_WHAT TO DO_. From the first line of the listing below to the line with "FILE_NAME ('887-078-500-808.STEP', '2020-09-21T04:14:15', ( ''", print each line exactly, and nothing more. Leave out the pictures.

_INPUT FOR THIS TASK_.
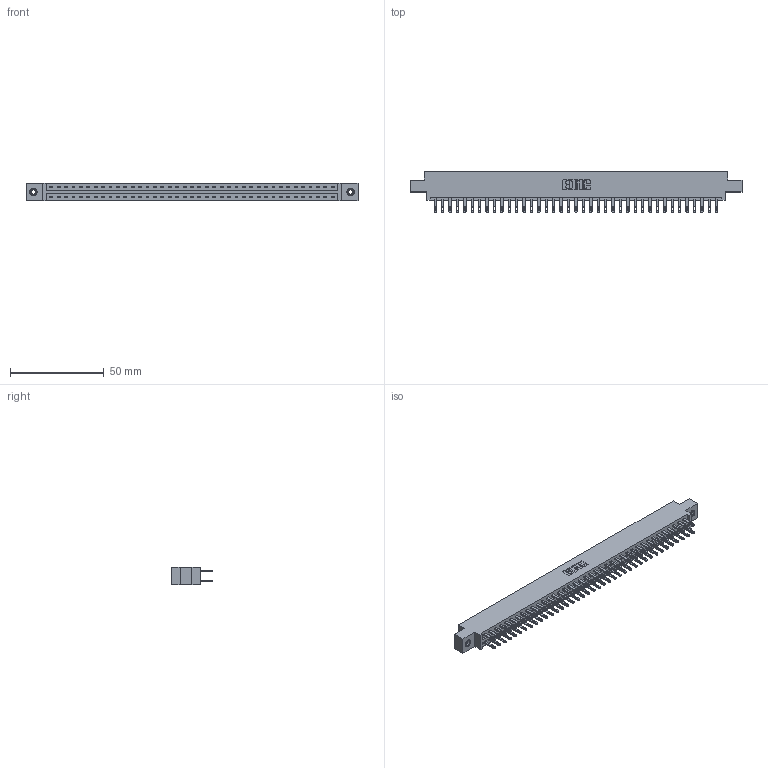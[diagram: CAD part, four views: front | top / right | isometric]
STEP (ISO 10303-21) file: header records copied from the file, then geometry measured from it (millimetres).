
FILE_DESCRIPTION (( 'STEP AP203' ), '1' );
FILE_NAME ('887-078-500-808.STEP', '2020-09-21T04:14:15', ( '' ), ( '' ), 'SwSTEP 2.0', 'SolidWorks 2020', '' );
FILE_SCHEMA (( 'CONFIG_CONTROL_DESIGN' ));
Length unit declared in the file: inch
Products named in the file (4): 345-292-001_345-293-100; 837 Part_0.170 Offset - 0.156 Dia-TI; 887-078-500-808; 345-250-001_345-250-003-102
Assembly tree (81 placements, depth 2):
  887-078-500-808
    837 Part_0.170 Offset - 0.156 Dia-TI
    345-292-001_345-293-100  x78
    345-250-001_345-250-003-102  x2
Bounding box: 177.55 x 21.85 x 9.4 mm (x, y, z)
Volume: 18785.6 mm3; surface area: 22205.3 mm2
Topology: 81 solids, 81 shells, 4078 faces, 12393 edges, 8254 vertices
Faces by surface type: plane 2602, cylinder 1460, cone 12, torus 4
Entity records: 31874 total; most frequent: CARTESIAN_POINT 5353, ORIENTED_EDGE 5282, DIRECTION 4591, EDGE_CURVE 2641, LINE 2489, VECTOR 2489, VERTEX_POINT 1756, AXIS2_PLACEMENT_3D 1051
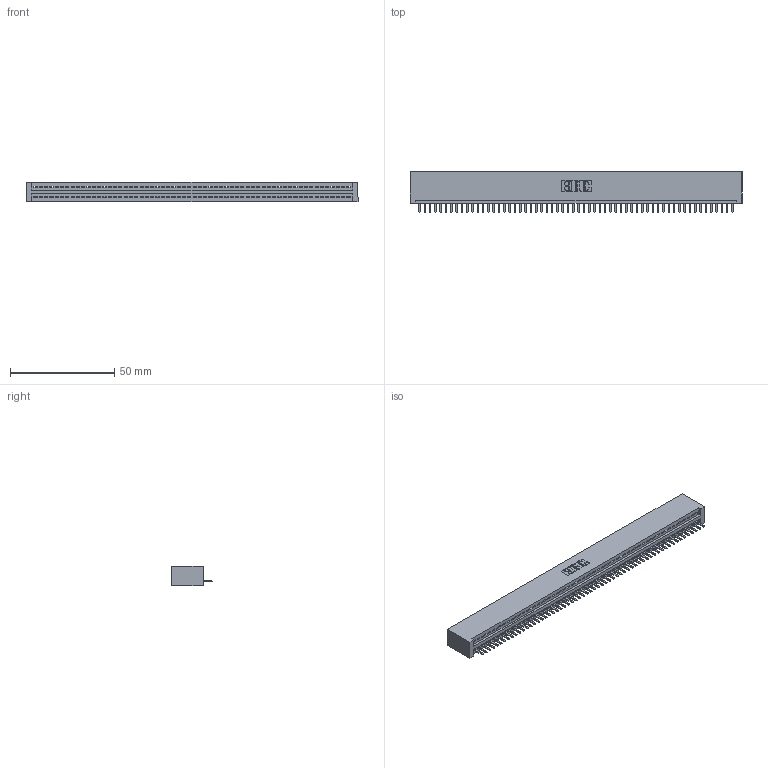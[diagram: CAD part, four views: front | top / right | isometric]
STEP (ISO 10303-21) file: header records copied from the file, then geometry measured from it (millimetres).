
FILE_DESCRIPTION (( 'STEP AP203' ), '1' );
FILE_NAME ('395-060-520-101.STEP', '2019-10-24T10:53:36', ( '' ), ( '' ), 'SwSTEP 2.0', 'SolidWorks 2016', '' );
FILE_SCHEMA (( 'CONFIG_CONTROL_DESIGN' ));
Length unit declared in the file: inch
Products named in the file (3): 345 Part_No Mounting Lugs; 395-060-520-101; 345-292-001_345-293-120
Assembly tree (61 placements, depth 2):
  395-060-520-101
    345 Part_No Mounting Lugs
    345-292-001_345-293-120  x60
Bounding box: 159 x 19.68 x 9.4 mm (x, y, z)
Volume: 15661.6 mm3; surface area: 20683 mm2
Topology: 61 solids, 61 shells, 3838 faces, 11357 edges, 7410 vertices
Faces by surface type: plane 2596, cylinder 1242
Entity records: 42571 total; most frequent: CARTESIAN_POINT 7392, ORIENTED_EDGE 7374, DIRECTION 6411, EDGE_CURVE 3687, LINE 3319, VECTOR 3319, VERTEX_POINT 2454, AXIS2_PLACEMENT_3D 1546
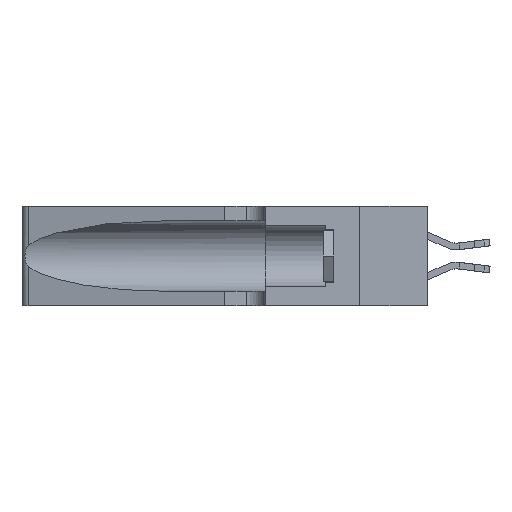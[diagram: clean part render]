
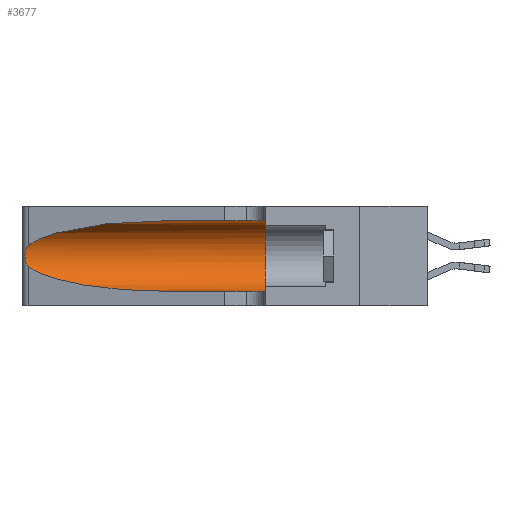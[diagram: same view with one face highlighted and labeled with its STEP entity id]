
A CAD part, left-side view. The second image highlights one B-rep face of the part: STEP entity #3677.
In plain terms, the highlighted cylindrical face has radius 3.308 mm (diameter 6.617 mm), a partial arc.
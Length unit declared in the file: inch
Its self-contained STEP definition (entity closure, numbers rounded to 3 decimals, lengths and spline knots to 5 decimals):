
#363 = ORIENTED_EDGE ( 'NONE', *, *, #19309, .F. ) ;
#846 = CARTESIAN_POINT ( 'NONE',  ( 0.1305, 0.35, 0.31525 ) ) ;
#1495 = CARTESIAN_POINT ( 'NONE',  ( 0.25639, 1.23186, 0.15144 ) ) ;
#2085 = CARTESIAN_POINT ( 'NONE',  ( 0.25487, 1.22718, 0.22369 ) ) ;
#2190 = VERTEX_POINT ( 'NONE', #27411 ) ;
#2430 = CARTESIAN_POINT ( 'NONE',  ( 0.18966, 0.96281, 0.05475 ) ) ;
#3228 = CARTESIAN_POINT ( 'NONE',  ( 0.1305, 1.61858, 0.05475 ) ) ;
#3300 = DIRECTION ( 'NONE',  ( 0., 0., 1. ) ) ;
#3677 = ADVANCED_FACE ( 'NONE', ( #6545 ), #29393, .F. ) ;
#3837 = ORIENTED_EDGE ( 'NONE', *, *, #13939, .T. ) ;
#4654 = AXIS2_PLACEMENT_3D ( 'NONE', #16240, #18516, #15842 ) ;
#4660 = CARTESIAN_POINT ( 'NONE',  ( 0.2373, 1.15595, 0.08982 ) ) ;
#5509 = CARTESIAN_POINT ( 'NONE',  ( 0.1305, 0.72297, 0.05475 ) ) ;
#6435 = VECTOR ( 'NONE', #27838, 39.37008 ) ;
#6545 = FACE_OUTER_BOUND ( 'NONE', #9179, .T. ) ;
#6685 = CARTESIAN_POINT ( 'NONE',  ( 0.25487, 1.22718, 0.14631 ) ) ;
#6849 = CARTESIAN_POINT ( 'NONE',  ( 0.25487, 1.22718, 0.14631 ) ) ;
#7033 = CIRCLE ( 'NONE', #23747, 0.13025 ) ;
#7129 = CARTESIAN_POINT ( 'NONE',  ( 0.1305, 1.61858, 0.31525 ) ) ;
#7285 = VERTEX_POINT ( 'NONE', #846 ) ;
#8104 = CARTESIAN_POINT ( 'NONE',  ( 0.25555, 1.22993, 0.14849 ) ) ;
#8196 = CARTESIAN_POINT ( 'NONE',  ( 0.1305, 0.72297, 0.31525 ) ) ;
#8197 = CARTESIAN_POINT ( 'NONE',  ( 0.26075, 1.23896, 0.178 ) ) ;
#8301 = CARTESIAN_POINT ( 'NONE',  ( 0.25487, 1.22718, 0.14631 ) ) ;
#8924 = CARTESIAN_POINT ( 'NONE',  ( 0.1305, 0.72297, 0.05475 ) ) ;
#9179 = EDGE_LOOP ( 'NONE', ( #14638, #14175, #14916, #3837, #12154, #363 ) ) ;
#9889 = DIRECTION ( 'NONE',  ( 0., -1., 0. ) ) ;
#10374 = CARTESIAN_POINT ( 'NONE',  ( 0.25854, 1.2359, 0.20912 ) ) ;
#11198 = CARTESIAN_POINT ( 'NONE',  ( 0.1305, 0.35, 0.05475 ) ) ;
#11985 = CARTESIAN_POINT ( 'NONE',  ( 0.1305, 0.72297, 0.31525 ) ) ;
#12154 = ORIENTED_EDGE ( 'NONE', *, *, #27854, .F. ) ;
#12431 = DIRECTION ( 'NONE',  ( 0., 1., 0. ) ) ;
#12675 = CARTESIAN_POINT ( 'NONE',  ( 0.25856, 1.23593, 0.16098 ) ) ;
#13939 = EDGE_CURVE ( 'NONE', #17056, #18471, #21015, .T. ) ;
#14175 = ORIENTED_EDGE ( 'NONE', *, *, #23729, .T. ) ;
#14638 = ORIENTED_EDGE ( 'NONE', *, *, #17682, .T. ) ;
#14916 = ORIENTED_EDGE ( 'NONE', *, *, #15151, .T. ) ;
#15151 = EDGE_CURVE ( 'NONE', #26526, #17056, #21774, .T. ) ;
#15222 = CARTESIAN_POINT ( 'NONE',  ( 0.25639, 1.23184, 0.21858 ) ) ;
#15842 = DIRECTION ( 'NONE',  ( 0., 0., -1. ) ) ;
#16240 = CARTESIAN_POINT ( 'NONE',  ( 0.1305, 1.61858, 0.185 ) ) ;
#17056 = VERTEX_POINT ( 'NONE', #5509 ) ;
#17189 = CARTESIAN_POINT ( 'NONE',  ( 0.25787, 1.23484, 0.2124 ) ) ;
#17487 = CARTESIAN_POINT ( 'NONE',  ( 0.26017, 1.23833, 0.17102 ) ) ;
#17682 = EDGE_CURVE ( 'NONE', #20687, #2190, #18659, .T. ) ;
#17738 = B_SPLINE_CURVE_WITH_KNOTS ( 'NONE', 3,
 ( #21897, #26317, #15222, #17189, #10374, #24131, #28546, #8197, #17487, #12675, #26421, #1495, #8104, #8301 ),
 .UNSPECIFIED., .F., .F.,
 ( 4, 2, 2, 2, 2, 2, 4 ),
 ( 0., 0.00027, 0.00053, 0.00107, 0.0016, 0.00187, 0.00214 ),
 .UNSPECIFIED. ) ;
#18471 = VERTEX_POINT ( 'NONE', #11198 ) ;
#18516 = DIRECTION ( 'NONE',  ( 0., -1., 0. ) ) ;
#18659 =( BOUNDED_CURVE ( )  B_SPLINE_CURVE ( 3, ( #8196, #28836, #26821, #2085 ),
 .UNSPECIFIED., .F., .F. ) 
 B_SPLINE_CURVE_WITH_KNOTS ( ( 4, 4 ),
 ( 1.5708, 2.84003 ),
 .UNSPECIFIED. ) 
 CURVE ( )  GEOMETRIC_REPRESENTATION_ITEM ( )  RATIONAL_B_SPLINE_CURVE ( ( 1., 0.87, 0.87, 1. ) ) 
 REPRESENTATION_ITEM ( '' )  );
#19309 = EDGE_CURVE ( 'NONE', #20687, #7285, #21683, .T. ) ;
#20687 = VERTEX_POINT ( 'NONE', #11985 ) ;
#21015 = LINE ( 'NONE', #3228, #26780 ) ;
#21683 = LINE ( 'NONE', #7129, #6435 ) ;
#21774 =( BOUNDED_CURVE ( )  B_SPLINE_CURVE ( 3, ( #6849, #4660, #2430, #8924 ),
 .UNSPECIFIED., .F., .F. ) 
 B_SPLINE_CURVE_WITH_KNOTS ( ( 4, 4 ),
 ( 3.44316, 4.71239 ),
 .UNSPECIFIED. ) 
 CURVE ( )  GEOMETRIC_REPRESENTATION_ITEM ( )  RATIONAL_B_SPLINE_CURVE ( ( 1., 0.87, 0.87, 1. ) ) 
 REPRESENTATION_ITEM ( '' )  );
#21897 = CARTESIAN_POINT ( 'NONE',  ( 0.25487, 1.22718, 0.22369 ) ) ;
#23729 = EDGE_CURVE ( 'NONE', #2190, #26526, #17738, .T. ) ;
#23747 = AXIS2_PLACEMENT_3D ( 'NONE', #28418, #12431, #3300 ) ;
#24131 = CARTESIAN_POINT ( 'NONE',  ( 0.26018, 1.23835, 0.19895 ) ) ;
#26317 = CARTESIAN_POINT ( 'NONE',  ( 0.25555, 1.22994, 0.2215 ) ) ;
#26421 = CARTESIAN_POINT ( 'NONE',  ( 0.25789, 1.23486, 0.15765 ) ) ;
#26526 = VERTEX_POINT ( 'NONE', #6685 ) ;
#26780 = VECTOR ( 'NONE', #9889, 39.37008 ) ;
#26821 = CARTESIAN_POINT ( 'NONE',  ( 0.2373, 1.15595, 0.28018 ) ) ;
#27411 = CARTESIAN_POINT ( 'NONE',  ( 0.25487, 1.22718, 0.22369 ) ) ;
#27838 = DIRECTION ( 'NONE',  ( 0., -1., 0. ) ) ;
#27854 = EDGE_CURVE ( 'NONE', #7285, #18471, #7033, .T. ) ;
#28418 = CARTESIAN_POINT ( 'NONE',  ( 0.1305, 0.35, 0.185 ) ) ;
#28546 = CARTESIAN_POINT ( 'NONE',  ( 0.26075, 1.23896, 0.19203 ) ) ;
#28836 = CARTESIAN_POINT ( 'NONE',  ( 0.18966, 0.96281, 0.31525 ) ) ;
#29393 = CYLINDRICAL_SURFACE ( 'NONE', #4654, 0.13025 ) ;
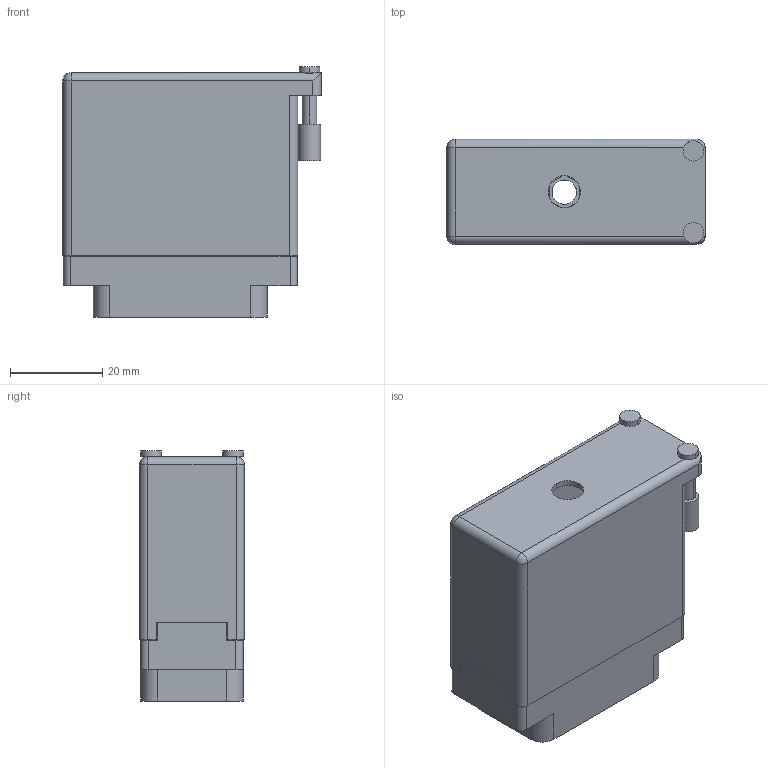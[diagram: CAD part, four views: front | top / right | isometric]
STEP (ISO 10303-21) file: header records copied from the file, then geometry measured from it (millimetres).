
FILE_DESCRIPTION (( 'STEP AP203' ), '1' );
FILE_NAME ('516-038-000-550.STEP', '2020-03-09T18:59:44', ( '' ), ( '' ), 'SwSTEP 2.0', 'SolidWorks 2016', '' );
FILE_SCHEMA (( 'CONFIG_CONTROL_DESIGN' ));
Length unit declared in the file: inch
Products named in the file (3): 516 Plug Insulator_038; 516-038-000-550; 516-230-001_Metal - 038 Side Entry
Assembly tree (2 placements, depth 2):
  516-038-000-550
    516 Plug Insulator_038
    516-230-001_Metal - 038 Side Entry
Bounding box: 56.08 x 22.83 x 54.31 mm (x, y, z)
Volume: 17426 mm3; surface area: 24980.1 mm2
Topology: 2 solids, 2 shells, 948 faces, 2767 edges, 1838 vertices
Faces by surface type: plane 674, cylinder 270, cone 2, sphere 2
Entity records: 31882 total; most frequent: CARTESIAN_POINT 5597, ORIENTED_EDGE 5530, DIRECTION 5355, EDGE_CURVE 2765, VECTOR 2071, LINE 2071, VERTEX_POINT 1838, AXIS2_PLACEMENT_3D 1642

_TASK SOLUTION_.
[diagram: CAD part, four views: front | top / right | isometric]
STEP (ISO 10303-21) file: header records copied from the file, then geometry measured from it (millimetres).
FILE_DESCRIPTION (( 'STEP AP203' ), '1' );
FILE_NAME ('887-078-500-808.STEP', '2020-09-21T04:14:15', ( '' ), ( '' ), 'SwSTEP 2.0', 'SolidWorks 2020', '' );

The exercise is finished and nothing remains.